-- What to work on --
The data below holds a line containing "#132=DIRECTION('',(0.,1.,0.));" and a line containing "#152=FACE_BOUND('',#151,.T.);"; please quote exactly those two lines and every line between them, and nothing else.

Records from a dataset
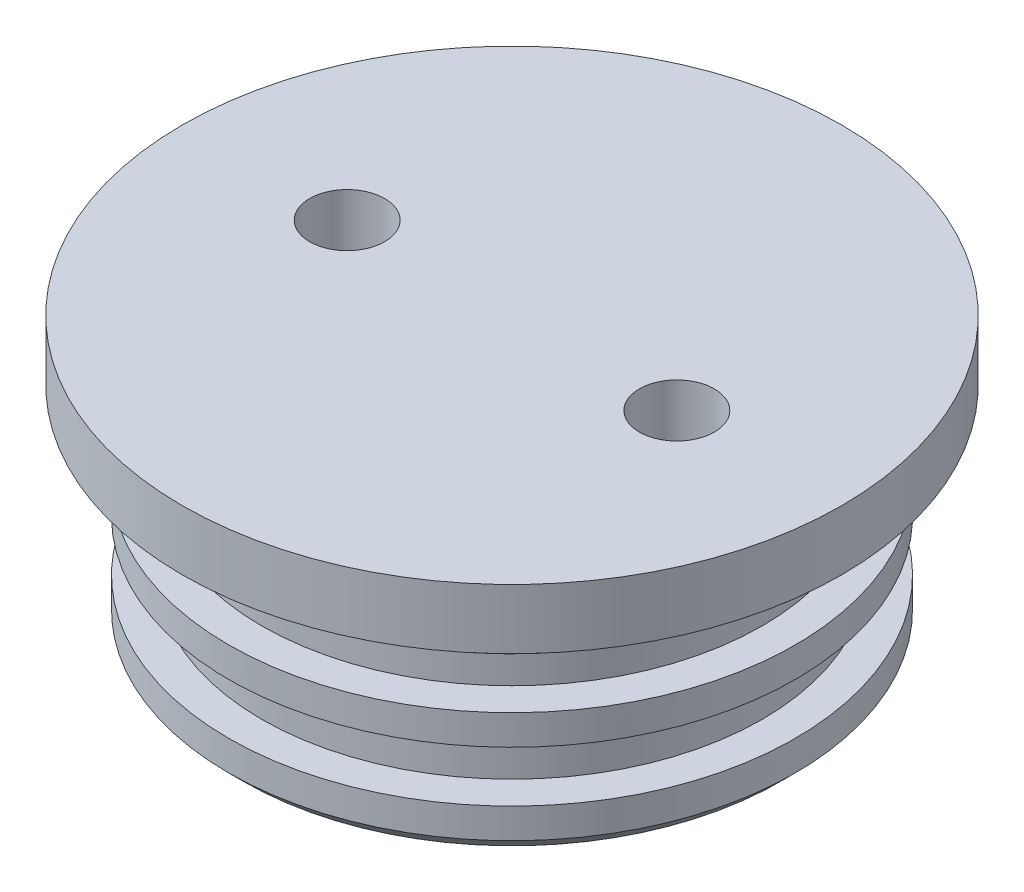
ISO-10303-21;
HEADER;
FILE_DESCRIPTION(('STEP AP214'),'2;1');
FILE_NAME('part.step','',(''),(''),'','','');
FILE_SCHEMA(('AUTOMOTIVE_DESIGN { 1 0 10303 214 1 1 1 1 }'));
ENDSEC;
DATA;
#1=APPLICATION_CONTEXT('core data for automotive mechanical design processes');
#2=APPLICATION_PROTOCOL_DEFINITION('international standard','automotive_design',2000,#1);
#3=PRODUCT_CONTEXT('',#1,'mechanical');
#4=PRODUCT('Part','Part','',(#3));
#5=PRODUCT_RELATED_PRODUCT_CATEGORY('part','',(#4));
#6=PRODUCT_DEFINITION_FORMATION('','',#4);
#7=PRODUCT_DEFINITION_CONTEXT('part definition',#1,'design');
#8=PRODUCT_DEFINITION('design','',#6,#7);
#9=PRODUCT_DEFINITION_SHAPE('','',#8);
#10=(LENGTH_UNIT() NAMED_UNIT(*) SI_UNIT(.MILLI.,.METRE.));
#11=(NAMED_UNIT(*) PLANE_ANGLE_UNIT() SI_UNIT($,.RADIAN.));
#12=(NAMED_UNIT(*) SI_UNIT($,.STERADIAN.) SOLID_ANGLE_UNIT());
#13=UNCERTAINTY_MEASURE_WITH_UNIT(LENGTH_MEASURE(1.E-05),#10,'distance_accuracy_value','');
#14=(GEOMETRIC_REPRESENTATION_CONTEXT(3) GLOBAL_UNCERTAINTY_ASSIGNED_CONTEXT((#13)) GLOBAL_UNIT_ASSIGNED_CONTEXT((#10,
#11,#12)) REPRESENTATION_CONTEXT('',''));
#15=CARTESIAN_POINT('',(0.,0.,0.));
#16=DIRECTION('',(0.,0.,1.));
#17=DIRECTION('',(1.,0.,0.));
#18=AXIS2_PLACEMENT_3D('',#15,#16,#17);
#19=CARTESIAN_POINT('',(5.5,0.,0.));
#20=DIRECTION('',(0.,1.,0.));
#21=DIRECTION('',(0.,0.,1.));
#22=AXIS2_PLACEMENT_3D('',#19,#20,#21);
#23=CYLINDRICAL_SURFACE('',#22,0.500000000000001);
#24=CARTESIAN_POINT('',(5.5,6.5,0.));
#25=DIRECTION('',(0.,1.,0.));
#26=DIRECTION('',(0.,0.,1.));
#27=AXIS2_PLACEMENT_3D('',#24,#25,#26);
#28=CIRCLE('',#27,0.500000000000001);
#29=CARTESIAN_POINT('',(5.5,6.5,0.500000000000001));
#30=VERTEX_POINT('',#29);
#31=EDGE_CURVE('E58',#30,#30,#28,.F.);
#32=ORIENTED_EDGE('',*,*,#31,.F.);
#33=EDGE_LOOP('',(#32));
#34=FACE_BOUND('',#33,.T.);
#35=CARTESIAN_POINT('',(5.5,1.5,0.));
#36=DIRECTION('',(0.,-1.,0.));
#37=DIRECTION('',(0.,0.,-1.));
#38=AXIS2_PLACEMENT_3D('',#35,#36,#37);
#39=CIRCLE('',#38,0.500000000000001);
#40=CARTESIAN_POINT('',(5.5,1.5,-0.500000000000001));
#41=VERTEX_POINT('',#40);
#42=EDGE_CURVE('E50',#41,#41,#39,.F.);
#43=ORIENTED_EDGE('',*,*,#42,.F.);
#44=EDGE_LOOP('',(#43));
#45=FACE_BOUND('',#44,.T.);
#46=ADVANCED_FACE('F32',(#34,#45),#23,.F.);
#47=CARTESIAN_POINT('',(-5.5,0.,0.));
#48=DIRECTION('',(0.,1.,0.));
#49=DIRECTION('',(0.,0.,1.));
#50=AXIS2_PLACEMENT_3D('',#47,#48,#49);
#51=CYLINDRICAL_SURFACE('',#50,0.500000000000001);
#52=CARTESIAN_POINT('',(-5.5,6.5,0.));
#53=DIRECTION('',(0.,1.,0.));
#54=DIRECTION('',(0.,0.,1.));
#55=AXIS2_PLACEMENT_3D('',#52,#53,#54);
#56=CIRCLE('',#55,0.500000000000001);
#57=CARTESIAN_POINT('',(-5.5,6.5,0.500000000000001));
#58=VERTEX_POINT('',#57);
#59=EDGE_CURVE('E62',#58,#58,#56,.F.);
#60=ORIENTED_EDGE('',*,*,#59,.F.);
#61=EDGE_LOOP('',(#60));
#62=FACE_BOUND('',#61,.T.);
#63=CARTESIAN_POINT('',(-5.5,1.5,0.));
#64=DIRECTION('',(0.,-1.,0.));
#65=DIRECTION('',(0.,0.,-1.));
#66=AXIS2_PLACEMENT_3D('',#63,#64,#65);
#67=CIRCLE('',#66,0.500000000000001);
#68=CARTESIAN_POINT('',(-5.5,1.5,-0.500000000000001));
#69=VERTEX_POINT('',#68);
#70=EDGE_CURVE('E54',#69,#69,#67,.F.);
#71=ORIENTED_EDGE('',*,*,#70,.F.);
#72=EDGE_LOOP('',(#71));
#73=FACE_BOUND('',#72,.T.);
#74=ADVANCED_FACE('F146',(#62,#73),#51,.F.);
#75=CARTESIAN_POINT('',(0.,7.,0.));
#76=DIRECTION('',(0.,-1.,0.));
#77=DIRECTION('',(0.,0.,-1.));
#78=AXIS2_PLACEMENT_3D('',#75,#76,#77);
#79=CYLINDRICAL_SURFACE('',#78,9.45);
#80=CARTESIAN_POINT('',(0.,7.,0.));
#81=DIRECTION('',(0.,-1.,0.));
#82=DIRECTION('',(0.,0.,-1.));
#83=AXIS2_PLACEMENT_3D('',#80,#81,#82);
#84=CIRCLE('',#83,9.45);
#85=CARTESIAN_POINT('',(0.,7.,-9.45));
#86=VERTEX_POINT('',#85);
#87=EDGE_CURVE('E69',#86,#86,#84,.T.);
#88=ORIENTED_EDGE('',*,*,#87,.T.);
#89=EDGE_LOOP('',(#88));
#90=FACE_BOUND('',#89,.T.);
#91=CARTESIAN_POINT('',(0.,5.9,0.));
#92=DIRECTION('',(0.,-1.,0.));
#93=DIRECTION('',(0.,0.,-1.));
#94=AXIS2_PLACEMENT_3D('',#91,#92,#93);
#95=CIRCLE('',#94,9.45);
#96=CARTESIAN_POINT('',(0.,5.9,-9.45));
#97=VERTEX_POINT('',#96);
#98=EDGE_CURVE('E66',#97,#97,#95,.F.);
#99=ORIENTED_EDGE('',*,*,#98,.T.);
#100=EDGE_LOOP('',(#99));
#101=FACE_BOUND('',#100,.T.);
#102=ADVANCED_FACE('F152',(#90,#101),#79,.T.);
#103=CARTESIAN_POINT('',(0.,0.499999999999995,0.));
#104=DIRECTION('',(0.,1.,0.));
#105=DIRECTION('',(0.,0.,1.));
#106=AXIS2_PLACEMENT_3D('',#103,#104,#105);
#107=CIRCLE('',#106,9.45);
#108=CARTESIAN_POINT('',(0.,0.499999999999995,9.45));
#109=VERTEX_POINT('',#108);
#110=EDGE_CURVE('E10',#109,#109,#107,.T.);
#111=ORIENTED_EDGE('',*,*,#110,.T.);
#112=EDGE_LOOP('',(#111));
#113=FACE_BOUND('',#112,.T.);
#114=CARTESIAN_POINT('',(0.,1.5,0.));
#115=DIRECTION('',(0.,1.,0.));
#116=DIRECTION('',(0.,0.,1.));
#117=AXIS2_PLACEMENT_3D('',#114,#115,#116);
#118=CIRCLE('',#117,9.45);
#119=CARTESIAN_POINT('',(0.,1.5,9.45));
#120=VERTEX_POINT('',#119);
#121=EDGE_CURVE('E76',#120,#120,#118,.F.);
#122=ORIENTED_EDGE('',*,*,#121,.T.);
#123=EDGE_LOOP('',(#122));
#124=FACE_BOUND('',#123,.T.);
#125=ADVANCED_FACE('F168',(#113,#124),#79,.T.);
#126=CARTESIAN_POINT('',(0.,9.,0.));
#127=DIRECTION('',(0.,-1.,0.));
#128=DIRECTION('',(0.,0.,-1.));
#129=AXIS2_PLACEMENT_3D('',#126,#127,#128);
#130=CYLINDRICAL_SURFACE('',#129,11.);
#131=CARTESIAN_POINT('',(0.,9.,0.));
#132=DIRECTION('',(0.,1.,0.));
#133=DIRECTION('',(0.,0.,1.));
#134=AXIS2_PLACEMENT_3D('',#131,#132,#133);
#135=CIRCLE('',#134,11.);
#136=CARTESIAN_POINT('',(0.,9.,11.));
#137=VERTEX_POINT('',#136);
#138=EDGE_CURVE('E43',#137,#137,#135,.T.);
#139=ORIENTED_EDGE('',*,*,#138,.F.);
#140=EDGE_LOOP('',(#139));
#141=FACE_BOUND('',#140,.T.);
#142=CARTESIAN_POINT('',(0.,7.,0.));
#143=DIRECTION('',(0.,-1.,0.));
#144=DIRECTION('',(0.,0.,-1.));
#145=AXIS2_PLACEMENT_3D('',#142,#143,#144);
#146=CIRCLE('',#145,11.);
#147=CARTESIAN_POINT('',(0.,7.,-11.));
#148=VERTEX_POINT('',#147);
#149=EDGE_CURVE('E47',#148,#148,#146,.T.);
#150=ORIENTED_EDGE('',*,*,#149,.F.);
#151=EDGE_LOOP('',(#150));
#152=FACE_BOUND('',#151,.T.);
#153=ADVANCED_FACE('F166',(#141,#152),#130,.T.);
#154=CARTESIAN_POINT('',(0.,0.,0.));
#155=DIRECTION('',(0.,1.,0.));
#156=DIRECTION('',(0.,0.,1.));
#157=AXIS2_PLACEMENT_3D('',#154,#155,#156);
#158=PLANE('',#157);
#159=CARTESIAN_POINT('',(0.,0.,0.));
#160=DIRECTION('',(0.,1.,0.));
#161=DIRECTION('',(0.,0.,1.));
#162=AXIS2_PLACEMENT_3D('',#159,#160,#161);
#163=CIRCLE('',#162,8.95000000000001);
#164=CARTESIAN_POINT('',(0.,0.,8.95000000000001));
#165=VERTEX_POINT('',#164);
#166=EDGE_CURVE('E39',#165,#165,#163,.F.);
#167=ORIENTED_EDGE('',*,*,#166,.T.);
#168=EDGE_LOOP('',(#167));
#169=FACE_BOUND('',#168,.T.);
#170=CARTESIAN_POINT('',(0.,0.,0.));
#171=DIRECTION('',(0.,-1.,0.));
#172=DIRECTION('',(0.,0.,-1.));
#173=AXIS2_PLACEMENT_3D('',#170,#171,#172);
#174=CIRCLE('',#173,4.);
#175=CARTESIAN_POINT('',(0.,0.,-4.));
#176=VERTEX_POINT('',#175);
#177=EDGE_CURVE('E119',#176,#176,#174,.T.);
#178=ORIENTED_EDGE('',*,*,#177,.F.);
#179=EDGE_LOOP('',(#178));
#180=FACE_BOUND('',#179,.T.);
#181=CARTESIAN_POINT('',(-5.5,0.,0.));
#182=DIRECTION('',(0.,-1.,0.));
#183=DIRECTION('',(0.,0.,-1.));
#184=AXIS2_PLACEMENT_3D('',#181,#182,#183);
#185=CIRCLE('',#184,1.25);
#186=CARTESIAN_POINT('',(-5.5,0.,-1.25));
#187=VERTEX_POINT('',#186);
#188=EDGE_CURVE('E114',#187,#187,#185,.T.);
#189=ORIENTED_EDGE('',*,*,#188,.F.);
#190=EDGE_LOOP('',(#189));
#191=FACE_BOUND('',#190,.T.);
#192=CARTESIAN_POINT('',(5.5,0.,0.));
#193=DIRECTION('',(0.,-1.,0.));
#194=DIRECTION('',(0.,0.,-1.));
#195=AXIS2_PLACEMENT_3D('',#192,#193,#194);
#196=CIRCLE('',#195,1.25);
#197=CARTESIAN_POINT('',(5.5,0.,-1.25));
#198=VERTEX_POINT('',#197);
#199=EDGE_CURVE('E107',#198,#198,#196,.T.);
#200=ORIENTED_EDGE('',*,*,#199,.F.);
#201=EDGE_LOOP('',(#200));
#202=FACE_BOUND('',#201,.T.);
#203=ADVANCED_FACE('F163',(#169,#180,#191,#202),#158,.F.);
#204=CARTESIAN_POINT('',(0.,9.,0.));
#205=DIRECTION('',(0.,1.,0.));
#206=DIRECTION('',(0.,0.,1.));
#207=AXIS2_PLACEMENT_3D('',#204,#205,#206);
#208=PLANE('',#207);
#209=CARTESIAN_POINT('',(-5.5,9.,0.));
#210=DIRECTION('',(0.,1.,0.));
#211=DIRECTION('',(0.,0.,1.));
#212=AXIS2_PLACEMENT_3D('',#209,#210,#211);
#213=CIRCLE('',#212,1.25);
#214=CARTESIAN_POINT('',(-5.5,9.,1.25));
#215=VERTEX_POINT('',#214);
#216=EDGE_CURVE('E102',#215,#215,#213,.T.);
#217=ORIENTED_EDGE('',*,*,#216,.F.);
#218=EDGE_LOOP('',(#217));
#219=FACE_BOUND('',#218,.T.);
#220=CARTESIAN_POINT('',(5.5,9.,0.));
#221=DIRECTION('',(0.,1.,0.));
#222=DIRECTION('',(0.,0.,1.));
#223=AXIS2_PLACEMENT_3D('',#220,#221,#222);
#224=CIRCLE('',#223,1.25);
#225=CARTESIAN_POINT('',(5.5,9.,1.25));
#226=VERTEX_POINT('',#225);
#227=EDGE_CURVE('E53',#226,#226,#224,.T.);
#228=ORIENTED_EDGE('',*,*,#227,.F.);
#229=EDGE_LOOP('',(#228));
#230=FACE_BOUND('',#229,.T.);
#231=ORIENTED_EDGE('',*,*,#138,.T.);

-- Your response --
#132=DIRECTION('',(0.,1.,0.));
#133=DIRECTION('',(0.,0.,1.));
#134=AXIS2_PLACEMENT_3D('',#131,#132,#133);
#135=CIRCLE('',#134,11.);
#136=CARTESIAN_POINT('',(0.,9.,11.));
#137=VERTEX_POINT('',#136);
#138=EDGE_CURVE('E43',#137,#137,#135,.T.);
#139=ORIENTED_EDGE('',*,*,#138,.F.);
#140=EDGE_LOOP('',(#139));
#141=FACE_BOUND('',#140,.T.);
#142=CARTESIAN_POINT('',(0.,7.,0.));
#143=DIRECTION('',(0.,-1.,0.));
#144=DIRECTION('',(0.,0.,-1.));
#145=AXIS2_PLACEMENT_3D('',#142,#143,#144);
#146=CIRCLE('',#145,11.);
#147=CARTESIAN_POINT('',(0.,7.,-11.));
#148=VERTEX_POINT('',#147);
#149=EDGE_CURVE('E47',#148,#148,#146,.T.);
#150=ORIENTED_EDGE('',*,*,#149,.F.);
#151=EDGE_LOOP('',(#150));
#152=FACE_BOUND('',#151,.T.);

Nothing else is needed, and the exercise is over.